How it works

ffsubsync reduces subtitle synchronization to a signal-alignment problem. The algorithm operates in three steps:

Discretize. Both the reference (the video’s audio stream, or an existing subtitle’s timings) and the input subtitles are chopped into 10 ms windows.
Label speech. For each 10 ms window, decide whether it contains speech. For subtitles this is trivial — a window is “speech” if any subtitle is on screen during it. For an audio reference, ffsubsync uses an off-the-shelf voice-activity detector such as the one built into WebRTC (see Voice-activity detectors (--vad)).
Align. The result of step 2 is two binary strings — one for the reference, one for the subtitles. ffsubsync scores an alignment as (# reference 1’s matched with subtitle 1’s) − (# reference 1’s matched with subtitle 0’s) and searches for the shift that maximizes this score.
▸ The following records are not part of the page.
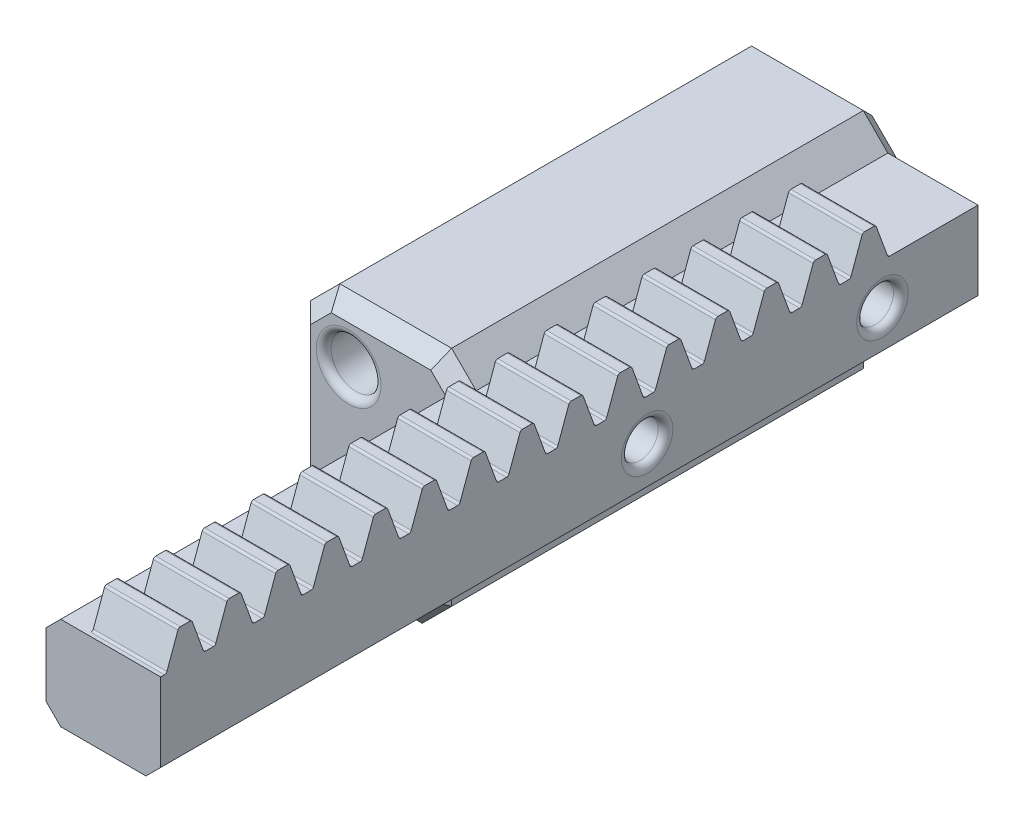
SolidWorks part; units mm, degrees
ref_plane "Plano frontal" through (0, 0, 0) normal (0, 0, 1) x (1, 0, 0)
ref_plane "Plano superior" through (0, 0, 0) normal (0, 1, 0) x (1, 0, 0)
ref_plane "Plano direito" through (0, 0, 0) normal (1, 0, 0) x (0, 0, -1)
sketch "Esboço1" plane through (0, 0, 0) normal (0, 0, 1) x (1, 0, 0)
  line L0 (-6, -10) -> (6, -10) construction
  line L1 (-6, 10) -> (-6, -10) construction
  line L2 (6, 10) -> (-6, 10) construction
  line L3 (6, 10) -> (6, -10) construction
  circle A0 centre (-1, 5) radius 1.5 construction
  circle A1 centre (-1, -5) radius 1.5 construction
sketch "Esboço2" plane through (0, 0, 0) normal (0, 0, 1) x (1, 0, 0)
  line L0 (-1, 5) -> (-1, -5) construction
  line L4 (-4.6, 8.6) -> (5, 8.6)
  line L5 (-4.6, 8.6) -> (-4.6, -8.6)
  line L6 (-4.6, -8.6) -> (5, -8.6)
  line L7 (5, 8.6) -> (5, -8.6)
  circle A10 centre (-1, 5) radius 1.7
  circle A11 centre (-1, 5) radius 1.7
  circle A13 centre (-1, -5) radius 1.7
  circle A14 centre (-1, -5) radius 1.7
  point P0 (-1, 0)
  dimension "D3" = 3.6
  dimension "D4" = 3.6
  dimension "D5" = 6
  dimension "D1" = 0.2
  dimension "D2" = 0.2
extrude "Ressalto-extrusão2" add sketch "Esboço2" along normal blind 30
chamfer "Chanfro1" distance 2 angle 45 3 edges at (-4.6, 8.6, 15) (-4.6, -8.6, 15) (5, -8.6, 15)
ref_plane "Plano1" through (11.8, 0, 0) normal (1, 0, 0) x (0, 0, -1)
sketch "Esboço3" plane through (11.8, 0, 0) normal (1, 0, 0) x (0, 0, -1)
  line L0 (-32.5985, 9.223) -> (-31.3388, 9.223)
  line L1 (-31.1734, 9.1072) -> (-30.4235, 7.0468)
  line L2 (-30.2581, 6.931) -> (-29.7419, 6.931)
  line L3 (-29.5765, 7.0468) -> (-28.8266, 9.1072)
  line L4 (-28.6612, 9.223) -> (-28.0168, 9.223)
  line L5 (-27.8514, 9.1072) -> (-27.1015, 7.0468)
  line L6 (-26.9361, 6.931) -> (-24.1671, 6.931)
  line L7 (-31.2156, 9.223) -> (-31.2156, 5.7646) construction
  line L8 (-28.7844, 9.223) -> (-28.7844, 5.7646) construction
  line L9 (-27.8936, 9.223) -> (-27.8936, 5.7646) construction
  line L10 (-33.5924, 8.165) -> (-24.3137, 8.165) construction
  line L11 (-33.4001, 9.223) -> (-25.1117, 9.223) construction
  line L12 (-30, 6.931) -> (-30, 5.0983) construction
  line L13 (-28.339, 9.223) -> (-28.339, 8.4494) construction
  line L14 (-30, 8.6) -> (-30, -6.6) construction
  line L15 (-30, 8.6) -> (0, 8.6) construction
  arc A0 (-27.1015, 7.0468) -> (-26.9361, 6.931) centre (-26.9361, 7.107) ccw
  arc A1 (-28.0168, 9.223) -> (-27.8514, 9.1072) centre (-28.0168, 9.047) cw
  arc A2 (-28.8266, 9.1072) -> (-28.6612, 9.223) centre (-28.6612, 9.047) cw
  arc A3 (-31.3388, 9.223) -> (-31.1734, 9.1072) centre (-31.3388, 9.047) cw
  arc A4 (-29.7419, 6.931) -> (-29.5765, 7.0468) centre (-29.7419, 7.107) ccw
  arc A5 (-30.4235, 7.0468) -> (-30.2581, 6.931) centre (-30.2581, 7.107) ccw
  circle A6 centre (-46.7178, 16.1) radius 7.935 construction
  point P15 (-30.8305, 8.165)
  point P16 (-29.1695, 8.165)
  point P17 (-27.5085, 8.165)
  dimension "D8" = 0.176
  dimension "D1" = 1.234
  dimension "D2" = 20
  dimension "D3" = 20
  dimension "D4" = 20
  dimension "D5" = 1.058
  dimension "D6" = 1.661
  dimension "D7" = 1.661
  dimension "D9" = 0.435
sketch "Esboço5" plane through (11.8, 0, 0) normal (1, 0, 0) x (0, 0, -1)
  line L0 (-4.5904, 9.1072) -> (-3.8405, 7.0468)
  line L2 (-67.7274, 9.1072) -> (-66.9775, 7.0468)
  line L3 (-68.5372, 9.223) -> (-67.8928, 9.223)
  line L4 (-69.4525, 7.0468) -> (-68.7026, 9.1072)
  line L38 (-1.2674, 9.1072) -> (-0.5175, 7.0468)
  line L39 (-2.0772, 9.223) -> (-1.4328, 9.223)
  line L40 (-2.9925, 7.0468) -> (-2.2426, 9.1072)
  line L45 (0, 6.931) -> (-0.3521, 6.931)
  line L87 (-66.2949, 6.931) -> (-66.8121, 6.931)
  line L90 (-5.4002, 9.223) -> (-4.7558, 9.223)
  line L91 (-6.3155, 7.0468) -> (-5.5656, 9.1072)
  line L92 (-3.1579, 6.931) -> (-3.6751, 6.931)
  line L93 (-7.9134, 9.1072) -> (-7.1635, 7.0468)
  line L94 (-8.7232, 9.223) -> (-8.0788, 9.223)
  line L95 (-9.6385, 7.0468) -> (-8.8886, 9.1072)
  line L96 (-6.4809, 6.931) -> (-6.9981, 6.931)
  line L97 (-11.2364, 9.1072) -> (-10.4865, 7.0468)
  line L98 (-12.0462, 9.223) -> (-11.4018, 9.223)
  line L99 (-12.9615, 7.0468) -> (-12.2116, 9.1072)
  line L100 (-9.8039, 6.931) -> (-10.3211, 6.931)
  line L101 (-14.5594, 9.1072) -> (-13.8095, 7.0468)
  line L102 (-15.3692, 9.223) -> (-14.7248, 9.223)
  line L103 (-16.2845, 7.0468) -> (-15.5346, 9.1072)
  line L104 (-13.1269, 6.931) -> (-13.6441, 6.931)
  line L105 (-17.8824, 9.1072) -> (-17.1325, 7.0468)
  line L106 (-18.6922, 9.223) -> (-18.0478, 9.223)
  line L107 (-19.6075, 7.0468) -> (-18.8576, 9.1072)
  line L108 (-16.4499, 6.931) -> (-16.9671, 6.931)
  line L109 (-21.2054, 9.1072) -> (-20.4555, 7.0468)
  line L110 (-22.0152, 9.223) -> (-21.3708, 9.223)
  line L111 (-22.9305, 7.0468) -> (-22.1806, 9.1072)
  line L112 (-19.7729, 6.931) -> (-20.2901, 6.931)
  line L113 (-24.5284, 9.1072) -> (-23.7785, 7.0468)
  line L114 (-25.3382, 9.223) -> (-24.6938, 9.223)
  line L115 (-26.2535, 7.0468) -> (-25.5036, 9.1072)
  line L116 (-23.0959, 6.931) -> (-23.6131, 6.931)
  line L117 (-27.8514, 9.1072) -> (-27.1015, 7.0468)
  line L118 (-28.6612, 9.223) -> (-28.0168, 9.223)
  line L119 (-29.5765, 7.0468) -> (-28.8266, 9.1072)
  line L120 (-26.4189, 6.931) -> (-26.9361, 6.931)
  line L121 (-31.1744, 9.1072) -> (-30.4245, 7.0468)
  line L122 (-31.9842, 9.223) -> (-31.3398, 9.223)
  line L123 (-32.8995, 7.0468) -> (-32.1496, 9.1072)
  line L124 (-29.7419, 6.931) -> (-30.2591, 6.931)
  line L125 (-34.4974, 9.1072) -> (-33.7475, 7.0468)
  line L126 (-35.3072, 9.223) -> (-34.6628, 9.223)
  line L127 (-36.2225, 7.0468) -> (-35.4726, 9.1072)
  line L128 (-33.0649, 6.931) -> (-33.5821, 6.931)
  line L129 (-37.8204, 9.1072) -> (-37.0705, 7.0468)
  line L130 (-38.6302, 9.223) -> (-37.9858, 9.223)
  line L131 (-39.5455, 7.0468) -> (-38.7956, 9.1072)
  line L132 (-36.3879, 6.931) -> (-36.9051, 6.931)
  line L133 (-41.1434, 9.1072) -> (-40.3935, 7.0468)
  line L134 (-41.9532, 9.223) -> (-41.3088, 9.223)
  line L135 (-42.8685, 7.0468) -> (-42.1186, 9.1072)
  line L136 (-39.7109, 6.931) -> (-40.2281, 6.931)
  line L137 (-44.4664, 9.1072) -> (-43.7165, 7.0468)
  line L138 (-45.2762, 9.223) -> (-44.6318, 9.223)
  line L139 (-46.1915, 7.0468) -> (-45.4416, 9.1072)
  line L140 (-43.0339, 6.931) -> (-43.5511, 6.931)
  line L141 (-47.7894, 9.1072) -> (-47.0395, 7.0468)
  line L142 (-48.5992, 9.223) -> (-47.9548, 9.223)
  line L143 (-49.5145, 7.0468) -> (-48.7646, 9.1072)
  line L144 (-46.3569, 6.931) -> (-46.8741, 6.931)
  line L145 (-51.1124, 9.1072) -> (-50.3625, 7.0468)
  line L146 (-51.9222, 9.223) -> (-51.2778, 9.223)
  line L147 (-52.8375, 7.0468) -> (-52.0876, 9.1072)
  line L148 (-49.6799, 6.931) -> (-50.1971, 6.931)
  line L149 (-54.4354, 9.1072) -> (-53.6855, 7.0468)
  line L150 (-55.2452, 9.223) -> (-54.6008, 9.223)
  line L151 (-56.1605, 7.0468) -> (-55.4106, 9.1072)
  line L152 (-53.0029, 6.931) -> (-53.5201, 6.931)
  line L153 (-57.7584, 9.1072) -> (-57.0085, 7.0468)
  line L154 (-58.5682, 9.223) -> (-57.9238, 9.223)
  line L155 (-59.4835, 7.0468) -> (-58.7336, 9.1072)
  line L156 (-56.3259, 6.931) -> (-56.8431, 6.931)
  line L157 (-61.0814, 9.1072) -> (-60.3315, 7.0468)
  line L158 (-61.8912, 9.223) -> (-61.2468, 9.223)
  line L159 (-62.8065, 7.0468) -> (-62.0566, 9.1072)
  line L160 (-59.6489, 6.931) -> (-60.1661, 6.931)
  line L161 (-64.4044, 9.1072) -> (-63.6545, 7.0468)
  line L162 (-65.2142, 9.223) -> (-64.5698, 9.223)
  line L163 (-66.1295, 7.0468) -> (-65.3796, 9.1072)
  line L164 (-62.9719, 6.931) -> (-63.4891, 6.931)
  line L166 (-71.0504, 9.1072) -> (-70.3005, 7.0468)
  line L168 (-71.8602, 9.223) -> (-71.2158, 9.223)
  line L170 (-72.7755, 7.0468) -> (-72.0256, 9.1072)
  line L171 (-69.6179, 6.931) -> (-70.1351, 6.931)
  line L172 (-74.3734, 9.1072) -> (-73.6235, 7.0468)
  line L173 (-75.1832, 9.223) -> (-74.5388, 9.223)
  line L174 (-76.0985, 7.0468) -> (-75.3486, 9.1072)
  line L175 (-72.9409, 6.931) -> (-73.4581, 6.931)
  line L176 (-77.6964, 9.1072) -> (-76.9465, 7.0468)
  line L177 (-78.5062, 9.223) -> (-77.8618, 9.223)
  line L178 (-79.4215, 7.0468) -> (-78.6716, 9.1072)
  line L179 (-76.2639, 6.931) -> (-76.7811, 6.931)
  line L180 (-81.0194, 9.1072) -> (-80.2695, 7.0468)
  line L181 (-81.8292, 9.223) -> (-81.1848, 9.223)
  line L182 (-82.7445, 7.0468) -> (-81.9946, 9.1072)
  line L183 (-79.5869, 6.931) -> (-80.1041, 6.931)
  line L184 (-82.9099, 6.931) -> (-83.4099, 6.931)
  line L186 (0, 6.931) -> (0, 0.6)
  line L187 (-83.4099, 6.931) -> (-83.4099, 0.6)
  line L188 (-83.4099, 0.6) -> (0, 0.6)
  line L189 (-30, 8.6) -> (0, 8.6) construction
  arc A36 (-0.5175, 7.0468) -> (-0.3521, 6.931) centre (-0.3521, 7.107) ccw
  arc A37 (-1.2674, 9.1072) -> (-1.4328, 9.223) centre (-1.4328, 9.047) ccw
  arc A38 (-2.0772, 9.223) -> (-2.2426, 9.1072) centre (-2.0772, 9.047) ccw
  arc A39 (-3.1579, 6.931) -> (-2.9925, 7.0468) centre (-3.1579, 7.107) ccw
  arc A84 (-3.8405, 7.0468) -> (-3.6751, 6.931) centre (-3.6751, 7.107) ccw
  arc A85 (-4.5904, 9.1072) -> (-4.7558, 9.223) centre (-4.7558, 9.047) ccw
  arc A86 (-5.4002, 9.223) -> (-5.5656, 9.1072) centre (-5.4002, 9.047) ccw
  arc A87 (-6.4809, 6.931) -> (-6.3155, 7.0468) centre (-6.4809, 7.107) ccw
  arc A88 (-7.1635, 7.0468) -> (-6.9981, 6.931) centre (-6.9981, 7.107) ccw
  arc A89 (-7.9134, 9.1072) -> (-8.0788, 9.223) centre (-8.0788, 9.047) ccw
  arc A90 (-8.7232, 9.223) -> (-8.8886, 9.1072) centre (-8.7232, 9.047) ccw
  arc A91 (-9.8039, 6.931) -> (-9.6385, 7.0468) centre (-9.8039, 7.107) ccw
  arc A92 (-10.4865, 7.0468) -> (-10.3211, 6.931) centre (-10.3211, 7.107) ccw
  arc A93 (-11.2364, 9.1072) -> (-11.4018, 9.223) centre (-11.4018, 9.047) ccw
  arc A94 (-12.0462, 9.223) -> (-12.2116, 9.1072) centre (-12.0462, 9.047) ccw
  arc A95 (-13.1269, 6.931) -> (-12.9615, 7.0468) centre (-13.1269, 7.107) ccw
  arc A96 (-13.8095, 7.0468) -> (-13.6441, 6.931) centre (-13.6441, 7.107) ccw
  arc A97 (-14.5594, 9.1072) -> (-14.7248, 9.223) centre (-14.7248, 9.047) ccw
  arc A98 (-15.3692, 9.223) -> (-15.5346, 9.1072) centre (-15.3692, 9.047) ccw
  arc A99 (-16.4499, 6.931) -> (-16.2845, 7.0468) centre (-16.4499, 7.107) ccw
  arc A100 (-17.1325, 7.0468) -> (-16.9671, 6.931) centre (-16.9671, 7.107) ccw
  arc A101 (-17.8824, 9.1072) -> (-18.0478, 9.223) centre (-18.0478, 9.047) ccw
  arc A102 (-18.6922, 9.223) -> (-18.8576, 9.1072) centre (-18.6922, 9.047) ccw
  arc A103 (-19.7729, 6.931) -> (-19.6075, 7.0468) centre (-19.7729, 7.107) ccw
  arc A104 (-20.4555, 7.0468) -> (-20.2901, 6.931) centre (-20.2901, 7.107) ccw
  arc A105 (-21.2054, 9.1072) -> (-21.3708, 9.223) centre (-21.3708, 9.047) ccw
  arc A106 (-22.0152, 9.223) -> (-22.1806, 9.1072) centre (-22.0152, 9.047) ccw
  arc A107 (-23.0959, 6.931) -> (-22.9305, 7.0468) centre (-23.0959, 7.107) ccw
  arc A108 (-23.7785, 7.0468) -> (-23.6131, 6.931) centre (-23.6131, 7.107) ccw
  arc A109 (-24.5284, 9.1072) -> (-24.6938, 9.223) centre (-24.6938, 9.047) ccw
  arc A110 (-25.3382, 9.223) -> (-25.5036, 9.1072) centre (-25.3382, 9.047) ccw
  arc A111 (-26.4189, 6.931) -> (-26.2535, 7.0468) centre (-26.4189, 7.107) ccw
  arc A112 (-27.1015, 7.0468) -> (-26.9361, 6.931) centre (-26.9361, 7.107) ccw
  arc A113 (-27.8514, 9.1072) -> (-28.0168, 9.223) centre (-28.0168, 9.047) ccw
  arc A114 (-28.6612, 9.223) -> (-28.8266, 9.1072) centre (-28.6612, 9.047) ccw
  arc A115 (-29.7419, 6.931) -> (-29.5765, 7.0468) centre (-29.7419, 7.107) ccw
  arc A116 (-30.4245, 7.0468) -> (-30.2591, 6.931) centre (-30.2591, 7.107) ccw
  arc A117 (-31.1744, 9.1072) -> (-31.3398, 9.223) centre (-31.3398, 9.047) ccw
  arc A118 (-31.9842, 9.223) -> (-32.1496, 9.1072) centre (-31.9842, 9.047) ccw
  arc A119 (-33.0649, 6.931) -> (-32.8995, 7.0468) centre (-33.0649, 7.107) ccw
  arc A120 (-33.7475, 7.0468) -> (-33.5821, 6.931) centre (-33.5821, 7.107) ccw
  arc A121 (-34.4974, 9.1072) -> (-34.6628, 9.223) centre (-34.6628, 9.047) ccw
  arc A122 (-35.3072, 9.223) -> (-35.4726, 9.1072) centre (-35.3072, 9.047) ccw
  arc A123 (-36.3879, 6.931) -> (-36.2225, 7.0468) centre (-36.3879, 7.107) ccw
  arc A124 (-37.0705, 7.0468) -> (-36.9051, 6.931) centre (-36.9051, 7.107) ccw
  arc A125 (-37.8204, 9.1072) -> (-37.9858, 9.223) centre (-37.9858, 9.047) ccw
  arc A126 (-38.6302, 9.223) -> (-38.7956, 9.1072) centre (-38.6302, 9.047) ccw
  arc A127 (-39.7109, 6.931) -> (-39.5455, 7.0468) centre (-39.7109, 7.107) ccw
  arc A128 (-40.3935, 7.0468) -> (-40.2281, 6.931) centre (-40.2281, 7.107) ccw
  arc A129 (-41.1434, 9.1072) -> (-41.3088, 9.223) centre (-41.3088, 9.047) ccw
  arc A130 (-41.9532, 9.223) -> (-42.1186, 9.1072) centre (-41.9532, 9.047) ccw
  arc A131 (-43.0339, 6.931) -> (-42.8685, 7.0468) centre (-43.0339, 7.107) ccw
  arc A132 (-43.7165, 7.0468) -> (-43.5511, 6.931) centre (-43.5511, 7.107) ccw
  arc A133 (-44.4664, 9.1072) -> (-44.6318, 9.223) centre (-44.6318, 9.047) ccw
  arc A134 (-45.2762, 9.223) -> (-45.4416, 9.1072) centre (-45.2762, 9.047) ccw
  arc A135 (-46.3569, 6.931) -> (-46.1915, 7.0468) centre (-46.3569, 7.107) ccw
  arc A136 (-47.0395, 7.0468) -> (-46.8741, 6.931) centre (-46.8741, 7.107) ccw
  arc A137 (-47.7894, 9.1072) -> (-47.9548, 9.223) centre (-47.9548, 9.047) ccw
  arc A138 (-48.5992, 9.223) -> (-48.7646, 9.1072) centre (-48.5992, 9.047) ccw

The best-scoring shift from step 3 is the offset that best syncs the subtitles to the reference. When framerate correction is enabled (Framerate correction), ffsubsync repeats the search across candidate framerate ratios and keeps the best overall result.

Why the FFT

For anything longer than a short clip these binary strings are huge — millions of digits for a video over an hour long — so naively scoring every possible shift is an O(n²) operation and far too slow. The key observation is that “score all shifts” is exactly a convolution, which the Fast Fourier Transform computes in O(n log n). That is what makes a full-length sync finish in seconds rather than minutes. The FFT machinery is provided by numpy.

Speed

A typical sync against a video finishes in roughly 20 to 30 seconds, and the dominant cost is audio extraction, not the alignment itself. If you already have a correctly-synced reference subtitle (so no audio needs decoding), a sync usually completes in under a second.

Limitations

ffsubsync corrects a global offset and framerate — the case where subtitles and video share the same content but start at different points or run at different rates. In practice this covers the vast majority of desync, which typically comes from starting or ending segments (like a recap) being present in one but not the other.

What it does not handle is splits or breaks in the middle of the video that aren’t present in the subtitles (or vice versa) — for example, ad breaks cut out of one copy. Extending the algorithm to handle mid-content breaks robustly is an open line of work; see issue #10 for discussion.